Scott then parlayed that capability into his work: when he was young, he noted he would show up for work on Monday morning at 6 a.m. and work until 9 p.m. Tuesday, with less than an hour of sleep overnight. He already knew he could push his limits. He knew he was capable. You can bet that work capacity has something to do with his $100M in the bank today and that is has benefited those around him along the way.

Conclusion

My story in fitness started with a teenage boy’s fascination with rusty weights in a junior high gym. Over the last 20 years, it has given me a greater level of commitment and consistency. It has done the same for Scott and Rich.

There are several things needed to reestablish strong masculinity in society. Fitness is one of those pieces and for a lot of men, it’s a launching pad to become who they were meant to be in every arena of life.

Masculinity only works when men know that they are capable.
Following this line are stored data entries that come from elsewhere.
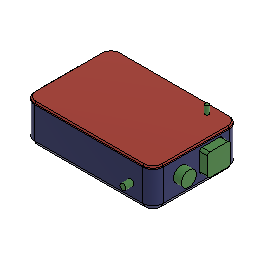
M4xxxATMega (Autodesk Fusion 360 design; units mm, degrees)
Autodesk Fusion 360 part; units mm, degrees
sketch "Sketch2" plane through (0, 0, 0) normal (0, 0, 1) x (1, 0, 0) in component "PCB"
  line L0 (50, -32.5) -> (-50, -32.5)
  line L1 (-50, -32.5) -> (-50, 32.5)
  line L2 (-50, 32.5) -> (50, 32.5)
  line L3 (50, 32.5) -> (50, -32.5)
  line L4 (50, -32.5) -> (-50, 32.5) construction
  line L5 (-50, -32.5) -> (50, 32.5) construction
  line L6 (0, 0) -> (0, 32.5) construction
  line L7 (0, 0) -> (-50, 0) construction
  circle A0 centre (-45, 27.5) radius 1.6
  circle A1 centre (45, 27.5) radius 1.6
  circle A2 centre (45, -27.5) radius 1.6
  circle A3 centre (-45, -27.5) radius 1.6
  line L8 (50, -21.75) -> (26, -21.75)
  line L9 (26, -21.75) -> (26, -3.25)
  line L10 (26, -3.25) -> (50, -3.25)
  line L11 (50, -3.25) -> (50, -21.75)
  line L12 (50, -21.75) -> (26, -3.25) construction
  line L13 (26, -21.75) -> (50, -3.25) construction
  line L14 (50, 1.75) -> (30, 1.75)
  line L15 (30, 1.75) -> (30, 23.25)
  line L16 (30, 23.25) -> (50, 23.25)
  line L17 (50, 23.25) -> (50, 1.75)
  line L18 (50, 1.75) -> (30, 23.25) construction
  line L19 (30, 1.75) -> (50, 23.25) construction
  line L20 (-42, -15) -> (-50, -15)
  line L21 (-50, -15) -> (-50, 15)
  line L22 (-50, 15) -> (-42, 15)
  line L23 (-42, 15) -> (-42, -15)
  line L24 (-42, -15) -> (-50, 15) construction
  line L25 (-50, -15) -> (-42, 15) construction
  circle A4 centre (35, 27.5) radius 1.6
  line L26 (38.5, -32.5) -> (31.5, -32.5)
  line L27 (31.5, -32.5) -> (31.5, -25.5)
  line L28 (31.5, -25.5) -> (38.5, -25.5)
  line L29 (38.5, -25.5) -> (38.5, -32.5)
  line L30 (38.5, -32.5) -> (31.5, -25.5) construction
  line L31 (31.5, -32.5) -> (38.5, -25.5) construction
  line L32 (50, 23.25) -> (51.01, 23.25)
  line L33 (51.01, 23.25) -> (51.01, 1.75)
  line L34 (51.01, 1.75) -> (50, 1.75)
  line L35 (50, 1.75) -> (50, 23.25)
  point P0 (38, -12.5)
  point P1 (40, 12.5)
  point P2 (-46, 0)
  point P3 (35, -29)
  dimension "d1" = 100
  dimension "d2" = 65
  dimension "d3" = 5
  dimension "d4" = 5
  dimension "d5" = 3.2
  dimension "d6" = 24
  dimension "d7" = 18.5
  dimension "d8" = 45
  dimension "d9" = 21.5
  dimension "d10" = 20
  dimension "d11" = 20
  dimension "d12" = 30
  dimension "d13" = 8
  dimension "d14" = 3.2
  dimension "d15" = 85
  dimension "d16" = 7
  dimension "d17" = 7
  dimension "d74" = 1.01
  constraint perpendicular L0 L1
  constraint parallel L0 L2
  constraint parallel L1 L3
  constraint horizontal L0
  constraint coincident L4 L6.start
  constraint coincident L5 L6.start
  constraint coincident L6.start L7.start
  constraint midpoint L2 L6.end
  constraint midpoint L1 L7.end
  constraint symmetric L6 A0 A1
  constraint symmetric L7 A0 A3
  constraint symmetric L7 A1 A2
  constraint perpendicular L8 L9
  constraint parallel L8 L10
  constraint parallel L9 L11
  constraint horizontal L8
  constraint coincident L12 P0
  constraint coincident L13 P0
  constraint coincident L3 L10.end
  constraint perpendicular L14 L15
  constraint parallel L14 L16
  constraint parallel L15 L17
  constraint horizontal L14
  constraint coincident L18 P1
  constraint coincident L19 P1
  constraint coincident L3 L14.start
  constraint perpendicular L20 L21
  constraint parallel L20 L22
  constraint parallel L21 L23
  constraint horizontal L20
  constraint coincident L24 P2
  constraint coincident L25 P2
  constraint coincident L1 L20.end
  constraint horizontal A0.centre A4.centre
  constraint perpendicular L26 L27
  constraint parallel L26 L28
  constraint parallel L27 L29
  constraint horizontal L26
  constraint coincident L30 P3
  constraint coincident L31 P3
  constraint coincident L0 L26.start
  constraint vertical A4.centre P3
  constraint coincident L7 P2
  constraint horizontal L32
  constraint vertical L33
  constraint horizontal L34
  constraint vertical L35
  constraint collinear L14 L34
  measures "d1" distance of L1.end L2.end
  measures "d2" distance of L0.end L1.end
  measures "d3" distance of L2 A0.centre
  measures "d4" distance of L1 A0.centre
  measures "d5" diameter of A0
  measures "d6" distance of L9.end L10.end
  measures "d7" distance of L8.end L9.end
  measures "d8" distance of L2 P0
  measures "d9" distance of L14.end L15.end
  measures "d10" distance of L15.end L16.end
  measures "d11" distance of L2 P1
  measures "d12" distance of L20.end L21.end
  measures "d13" distance of L21.end L22.end
  measures "d14" diameter of A4
  measures "d15" distance of L1 A4.centre
  measures "d16" distance of L26.end L27.end
  measures "d17" distance of L27.end L28.end
  measures "d74" distance of L16.end L32.end
extrude "Extrude1" add sketch "Sketch2" against normal blind 1.6 contours L0 L1 L2 L3 L8 L9 L10 L14 L15 L16 L20 L22 L23 L27 L28 L29 | L0 L26 L27 L28 L29 | L3 L8 L9 L10 L11 | L3 L14 L15 L16 L17 L35 | L1 L20 L21 L22 L23 | A4 makes body 1 in component "PCB"
extrude "Extrude2" add sketch "Sketch2" along normal blind 16 contours L1 L20 L21 L22 L23 bodies 1 in component "PCB"
extrude "Extrude3" add sketch "Sketch2" along normal blind 8 contours L0 L26 L27 L28 L29 bodies 1 in component "PCB"
extrude "Extrude4" add sketch "Sketch2" along normal blind 15.5 contours L3 L8 L9 L10 L11 bodies 1 in component "PCB"
extrude "Extrude5" add sketch "Sketch2" along normal blind 21 contours L3 L14 L15 L16 L17 L35 | L3 L17 L32 L33 L34 L35 bodies 1 in component "PCB"
extrude "Extrude6" add sketch "Sketch2" along normal blind 30 contours A4 bodies 1 in component "PCB"
sketch "Sketch3" plane through (-50, 0, 0) normal (-1, 0, 0) x (0, -1, 0) in component "PCB"
  line L0 (32.5, 0) -> (15, 0)
  line L1 (15, 0) -> (15, 16)
  line L2 (15, 16) -> (-15, 16)
  line L3 (-15, 16) -> (-15, 0)
  line L4 (-15, 0) -> (-32.5, 0)
  line L5 (-32.5, 0) -> (-32.5, -1.6)
  line L6 (-32.5, -1.6) -> (32.5, -1.6)
  line L7 (32.5, -1.6) -> (32.5, 0)
  line L8 (-15, 12) -> (15, 12)
  dimension "d30" = 4
  constraint coincident L3 L8.start
  constraint coincident L1 L8.end
  constraint perpendicular L1 L8
  measures "d30" distance of L2 L8
extrude "Extrude7" add sketch "Sketch3" along normal blind 10 contours L1 L2 L3 L8 bodies 1 in component "PCB"
sketch "Sketch4" plane through (0, -32.5, 0) normal (0, -1, 0) x (1, 0, 0) in component "PCB"
  line L0 (50, 0) -> (38.5, 0)
  line L1 (38.5, 0) -> (38.5, 8)
  line L2 (38.5, 8) -> (31.5, 8)
  line L3 (31.5, 8) -> (31.5, 0)
  line L4 (31.5, 0) -> (-50, 0)
  line L5 (-50, 0) -> (-50, -1.6)
  line L6 (-50, -1.6) -> (50, -1.6)
  line L7 (50, -1.6) -> (50, 0)
  circle A0 centre (35, 5.5) radius 2.5
  point P0 (35, 0)
  dimension "d33" = 5
  dimension "d73" = 5.5
  constraint vertical A0.centre P0
  measures "d33" diameter of A0
  measures "d73" distance of A0.centre P0
extrude "Extrude8" add sketch "Sketch4" along normal blind 10 contours A0 bodies 1 in component "PCB"
sketch "Sketch5" plane through (50, 0, 0) normal (1, 0, 0) x (0, 1, 0) in component "PCB"
  line L0 (32.5, 0) -> (23.25, 0)
  line L1 (-3.25, 0) -> (-3.25, 15.5)
  line L2 (-3.25, 15.5) -> (-21.75, 15.5)
  line L3 (-21.75, 15.5) -> (-21.75, 0)
  line L4 (-21.75, 0) -> (-32.5, 0)
  line L5 (-32.5, 0) -> (-32.5, -1.6)
  line L6 (-32.5, -1.6) -> (32.5, -1.6)
  line L7 (32.5, -1.6) -> (32.5, 0)
  circle A0 centre (-12.5, 9) radius 6.25
  line L8 (22, 1) -> (3, 1)
  line L9 (3, 1) -> (3, 19.5)
  line L10 (3, 19.5) -> (22, 19.5)
  line L11 (22, 19.5) -> (22, 1)
  line L12 (22, 1) -> (3, 19.5) construction
  line L13 (3, 1) -> (22, 19.5) construction
  line L14 (23.25, 0) -> (1.75, 0)
  line L15 (1.75, 0) -> (-3.25, 0)
  line L16 (12.5, 0) -> (12.5, 10.25) construction
  point P0 (-12.5, 0)
  point P1 (12.5, 10.25)
  point P2 (12.5, 0)
  dimension "d36" = 12.5
  dimension "d37" = 9
  dimension "d41" = 1
  dimension "d77" = 19
  constraint vertical A0.centre P0
  constraint perpendicular L8 L9
  constraint parallel L8 L10
  constraint parallel L9 L11
  constraint horizontal L8
  constraint coincident L12 P1
  constraint coincident L13 P1
  constraint vertical P1 P2
  constraint coincident P2 L16.start
  constraint midpoint L13 P1
  measures "d36" diameter of A0
  measures "d37" distance of A0.centre P0
  measures "d41" distance of L8 P2
  measures "d77" distance of L9.end L10.end
extrude "Extrude9" add sketch "Sketch5" along normal blind 10 contours A0 | L8 L9 L10 L11 bodies 1 in component "PCB"
fillet "Fillet1" radius 2 4 edges at (55.505, 22, 19.5) (55.505, 3, 19.5) (55.505, 22, 1) (55.505, 3, 1) on bodies 1 in component "PCB"
fillet "Fillet1" radius 5 4 edges at (50, 32.5, -0.8) (50, -32.5, -0.8) (-50, 32.5, -0.8) (-50, -32.5, -0.8) on bodies 1 in component "PCB"
ref_plane "WorkPlane1" through (0, 0, -6.6) normal (0, 0, -1) x (-1, 0, 0) in component "Base"
sketch "Sketch1" plane through (0, 0, -6.6) normal (0, 0, -1) x (1, 0, 0) in component "Base"
  arc A0 (-45, 32.5) -> (-50, 27.5) centre (-45, 27.5) ccw construction
  line L0 (-50, 27.5) -> (-50, -27.5) construction
  arc A1 (-50, -27.5) -> (-45, -32.5) centre (-45, -27.5) ccw construction
  line L1 (-45, -32.5) -> (45, -32.5) construction
  arc A2 (45, -32.5) -> (50, -27.5) centre (45, -27.5) ccw construction
  line L2 (50, -27.5) -> (50, 27.5) construction
  arc A3 (50, 27.5) -> (45, 32.5) centre (45, 27.5) ccw construction
  line L3 (45, 32.5) -> (-45, 32.5) construction
  circle A4 centre (45, 27.5) radius 1.6 construction
  circle A5 centre (-45, -27.5) radius 1.6 construction
  circle A6 centre (-45, 27.5) radius 1.6 construction
  circle A7 centre (45, -27.5) radius 1.6 construction
  line L4 (-51, 27.5) -> (-51, -27.5)
  arc A8 (-51, -27.5) -> (-45, -33.5) centre (-45, -27.5) ccw
  line L5 (-45, -33.5) -> (45, -33.5)
  arc A9 (45, -33.5) -> (51, -27.5) centre (45, -27.5) ccw
  line L6 (51, -27.5) -> (51, 27.5)
  arc A10 (51, 27.5) -> (45, 33.5) centre (45, 27.5) ccw
  line L7 (45, 33.5) -> (-45, 33.5)
  arc A11 (-45, 33.5) -> (-51, 27.5) centre (-45, 27.5) ccw
  line L8 (-53.4, 27.5) -> (-53.4, -27.5)
  arc A12 (-53.4, -27.5) -> (-45, -35.9) centre (-45, -27.5) ccw
  line L9 (-45, -35.9) -> (45, -35.9)
  arc A13 (45, -35.9) -> (53.4, -27.5) centre (45, -27.5) ccw
  line L10 (53.4, -27.5) -> (53.4, 27.5)
  arc A14 (53.4, 27.5) -> (45, 35.9) centre (45, 27.5) ccw
  line L11 (45, 35.9) -> (-45, 35.9)
  arc A15 (-45, 35.9) -> (-53.4, 27.5) centre (-45, 27.5) ccw
  circle A16 centre (-45, -27.5) radius 4
  line L12 (-43.5, -27.5) -> (-44.25, -26.201)
  line L13 (-44.25, -26.201) -> (-45.75, -26.201)
  line L14 (-45.75, -26.201) -> (-46.5, -27.5)
  line L15 (-46.5, -27.5) -> (-45.75, -28.799)
  line L16 (-45.75, -28.799) -> (-44.25, -28.799)
  line L17 (-44.25, -28.799) -> (-43.5, -27.5)
  line L18 (0, 0) -> (0, -33.5) construction
  line L19 (0, 0) -> (-51, 0) construction
  circle A17 centre (-45, 27.5) radius 4
  line L20 (-45.75, 28.799) -> (-44.25, 28.799)
  line L21 (-46.5, 27.5) -> (-45.75, 28.799)
  line L22 (-45.75, 26.201) -> (-46.5, 27.5)
  line L23 (-44.25, 26.201) -> (-45.75, 26.201)
  line L24 (-43.5, 27.5) -> (-44.25, 26.201)
  line L25 (-44.25, 28.799) -> (-43.5, 27.5)
  circle A18 centre (45, 27.5) radius 4
  line L26 (44.25, 26.201) -> (45.75, 26.201)
  line L27 (43.5, 27.5) -> (44.25, 26.201)
  line L28 (44.25, 28.799) -> (43.5, 27.5)
  line L29 (45.75, 28.799) -> (44.25, 28.799)
  line L30 (46.5, 27.5) -> (45.75, 28.799)
  line L31 (45.75, 26.201) -> (46.5, 27.5)
  line L32 (44.25, -26.201) -> (45.75, -26.201)
  line L33 (43.5, -27.5) -> (44.25, -26.201)
  line L34 (44.25, -28.799) -> (43.5, -27.5)
  line L35 (45.75, -28.799) -> (44.25, -28.799)
  line L36 (46.5, -27.5) -> (45.75, -28.799)
  line L37 (45.75, -26.201) -> (46.5, -27.5)
  circle A19 centre (45, -27.5) radius 4
  point P0 (-45, -27.5)
  dimension "d46" = 1
  dimension "d47" = 3.4
  dimension "d55" = 8
  dimension "d56" = 1.5
  constraint concentric A1 A16
  constraint coincident P0 A1.centre
  constraint coincident L18.start L19.start
  constraint midpoint L5 L18.end
  constraint midpoint L4 L19.end
  constraint horizontal L13
  constraint symmetric A16 L19 A17
  constraint symmetric L12.start L19 L24.start
  constraint symmetric L12.end L19 L23.start
  constraint symmetric L13.end L19 L22.start
  constraint symmetric L14.end L19 L21.start
  constraint symmetric L15.end L19 L20.start
  constraint symmetric L16.end L19 L20.end
  constraint symmetric A16 L18 A19
  constraint symmetric L12.start L18 L33.start
  constraint symmetric L12.end L18 L32.start
  constraint symmetric L13.end L18 L32.end
  constraint symmetric L14.end L18 L36.start
  constraint symmetric L15.end L18 L35.start
  constraint symmetric L16.end L18 L34.start
  constraint symmetric L18 A17 A18
  constraint symmetric L18 L20.start L29.start
  constraint symmetric L18 L20.end L28.start
  constraint symmetric L18 L21.start L30.start
  constraint symmetric L18 L22.start L26.end
  constraint symmetric L18 L23.start L26.start
  constraint symmetric L18 L24.start L27.start
  measures "d55" diameter of A16
  measures "d56" distance of L12.start P0
extrude "Extrude1'" add sketch "Sketch1" along normal blind 1.6 separate body contours L4 A8 L5 A9 L6 A10 L7 A11 | L8 A12 L9 A13 L10 A14 L11 A15 | A16 | L12 L13 L14 L15 L16 L17 | A17 | L20 L21 L22 L23 L24 L25 | A18 | L26 L27 L28 L29 L30 L31 | L32 L33 L34 L35 L36 L37 | A19 makes body 2 in component "Base"
extrude "Extrude2'" add sketch "Sketch1" against normal blind 28 contours L8 A12 L9 A13 L10 A14 L11 A15 bodies 2 in component "Base"
extrude "Extrude3'" add sketch "Sketch1" against normal blind 5 contours A16 | A17 | A18 | A19 bodies 2 in component "Base"
chamfer "Chamfer1" distance 1 angle 45 16 edges at (51, 0, -6.6) (49.2426, 31.7426, -6.6) (0, 33.5, -6.6) (-49.2426, 31.7426, -6.6) (-51, 0, -6.6) (-49.2426, -31.7426, -6.6) (0, -33.5, -6.6) (49.2426, -31.7426, -6.6) (41.2707, -26.0535, -6.6) (-48.7293, -26.0535, -6.6) (41.2707, 28.9465, -6.6) (-48.7293, 28.9465, -6.6) (-48.7293, 26.0535, -1.6) (41.2707, 26.0535, -1.6) (-48.7293, -28.9465, -1.6) (41.2707, -28.9465, -1.6) on bodies 2 in component "Base"
chamfer "Chamfer2" distance 2 angle 60 8 edges at (-53.4, 0, -8.2) (-50.9397, 33.4397, -8.2) (0, 35.9, -8.2) (50.9397, 33.4397, -8.2) (53.4, 0, -8.2) (50.9397, -33.4397, -8.2) (0, -35.9, -8.2) (-50.9397, -33.4397, -8.2) measured on face at (-15, 11.9667, -8.2) measured on face at (-15, 11.9667, -8.2) measured on face at (-15, 11.9667, -8.2) measured on face at (-15, 11.9667, -8.2) measured on face at (-15, 11.9667, -8.2) measured on face at (-15, 11.9667, -8.2) measured on face at (-15, 11.9667, -8.2) measured on face at (-15, 11.9667, -8.2) on bodies 2 in component "Base"
sketch "Sketch2 (2)" plane through (0, 0, 21.4) normal (0, 0, 1) x (-1, 0, 0) in component "Lid"
  arc A0 (51, 27.5) -> (45, 33.5) centre (45, 27.5) ccw
  line L0 (51, 27.5) -> (51, -27.5)
  arc A1 (45, -33.5) -> (51, -27.5) centre (45, -27.5) ccw
  line L1 (45, -33.5) -> (-45, -33.5)
  arc A2 (-51, -27.5) -> (-45, -33.5) centre (-45, -27.5) ccw
  line L2 (-51, -27.5) -> (-51, 27.5)
  arc A3 (-45, 33.5) -> (-51, 27.5) centre (-45, 27.5) ccw
  line L3 (-45, 33.5) -> (45, 33.5)
  arc A4 (53.4, 27.5) -> (45, 35.9) centre (45, 27.5) ccw
  line L4 (45, 35.9) -> (-45, 35.9)
  arc A5 (-45, 35.9) -> (-53.4, 27.5) centre (-45, 27.5) ccw
  line L5 (-53.4, 27.5) -> (-53.4, -27.5)
  arc A6 (-53.4, -27.5) -> (-45, -35.9) centre (-45, -27.5) ccw
  line L6 (-45, -35.9) -> (45, -35.9)
  arc A7 (45, -35.9) -> (53.4, -27.5) centre (45, -27.5) ccw
  line L7 (53.4, -27.5) -> (53.4, 27.5)
  arc A8 (-48.6, -27.5) -> (-45, -31.1) centre (-45, -27.5) ccw
  line L8 (45, -31.1) -> (-45, -31.1)
  arc A9 (45, -31.1) -> (48.6, -27.5) centre (45, -27.5) ccw
  line L9 (48.6, 27.5) -> (48.6, -27.5)
  arc A10 (48.6, 27.5) -> (45, 31.1) centre (45, 27.5) ccw
  line L10 (-45, 31.1) -> (45, 31.1)
  arc A11 (-45, 31.1) -> (-48.6, 27.5) centre (-45, 27.5) ccw
  line L11 (-48.6, -27.5) -> (-48.6, 27.5)
  dimension "d64" = 2.4
extrude "Extrude1''" add sketch "Sketch2 (2)" against normal blind 6 separate body contours A0 L0 A1 L1 A2 L2 A3 L3 makes body 3 in component "Lid"
extrude "Extrude2''" add sketch "Sketch2 (2)" along normal blind 2 contours A0 L0 A1 L1 A2 L2 A3 L3 | A4 L4 A5 L5 A6 L6 A7 L7 | A8 L8 A9 L9 A10 L10 A11 L11 bodies 3 in component "Lid"
chamfer "Chamfer1'" distance 1 angle 45 8 edges at (53.4, 0, 23.4) (50.9397, 33.4397, 23.4) (0, 35.9, 23.4) (-50.9397, 33.4397, 23.4) (-53.4, 0, 23.4) (-50.9397, -33.4397, 23.4) (0, -35.9, 23.4) (50.9397, -33.4397, 23.4) measured on face at (-15, 11.9667, 23.4) measured on face at (-15, 11.9667, 23.4) measured on face at (-15, 11.9667, 23.4) measured on face at (-15, 11.9667, 23.4) measured on face at (-15, 11.9667, 23.4) measured on face at (-15, 11.9667, 23.4) measured on face at (-15, 11.9667, 23.4) measured on face at (-15, 11.9667, 23.4) on bodies 3 in component "Lid"
chamfer "Chamfer2'" distance 0.4 angle 60 8 edges at (-51, 0, 15.4) (-49.2426, 31.7426, 15.4) (0, 33.5, 15.4) (49.2426, 31.7426, 15.4) (51, 0, 15.4) (49.2426, -31.7426, 15.4) (0, -33.5, 15.4) (-49.2426, -31.7426, 15.4) measured on face at (-15, -31.9, 15.4) measured on face at (-15, -31.9, 15.4) measured on face at (-15, -31.9, 15.4) measured on face at (-15, -31.9, 15.4) measured on face at (-15, -31.9, 15.4) measured on face at (-15, -31.9, 15.4) measured on face at (-15, -31.9, 15.4) measured on face at (-15, -31.9, 15.4) on bodies 3 in component "Lid"
combine "Combine1" operation cut target body 3 tool bodies 1 keep tools in component "Lid"
chamfer "Chamfer3" distance 2 angle 45 2 edges at (49.6, 1.75, 15.4) (49.6, 23.25, 15.4) on bodies 3 in component "Lid"
chamfer "Chamfer4" distance 0.8 angle 45 1 edges at (33.5083, 26.9214, 21.4) on bodies 3 in component "Lid"
combine "Combine1'" operation cut target body 2 tool bodies 1 keep tools in component "Base"
component "PCB" placed x (1, 0, 0) y (0, 1, 0) z (0, 0, 1) at (0, 0, 0)
component "Base" placed x (1, 0, 0) y (0, 1, 0) z (0, 0, 1) at (0, 0, 0)
component "Lid" placed x (1, 0, 0) y (0, 1, 0) z (0, 0, 1) at (0, 0, 0)
named bodies: "PCB", "Base", "Lid"

Men need a physical challenge to overcome that reinforces the message, “You have what it takes.” Fitness allows us to put ourselves through that challenge daily, and that is the point of fitness for men.

We need men to be capable and strong. And then we need them to use it in the service of others. Strong men protect women and children. They run into a burning building. They lookout for those around them.

Fitness is a challenge and tradition men must carry on and pass down to become the best we can be. So men, get out there and challenge yourself.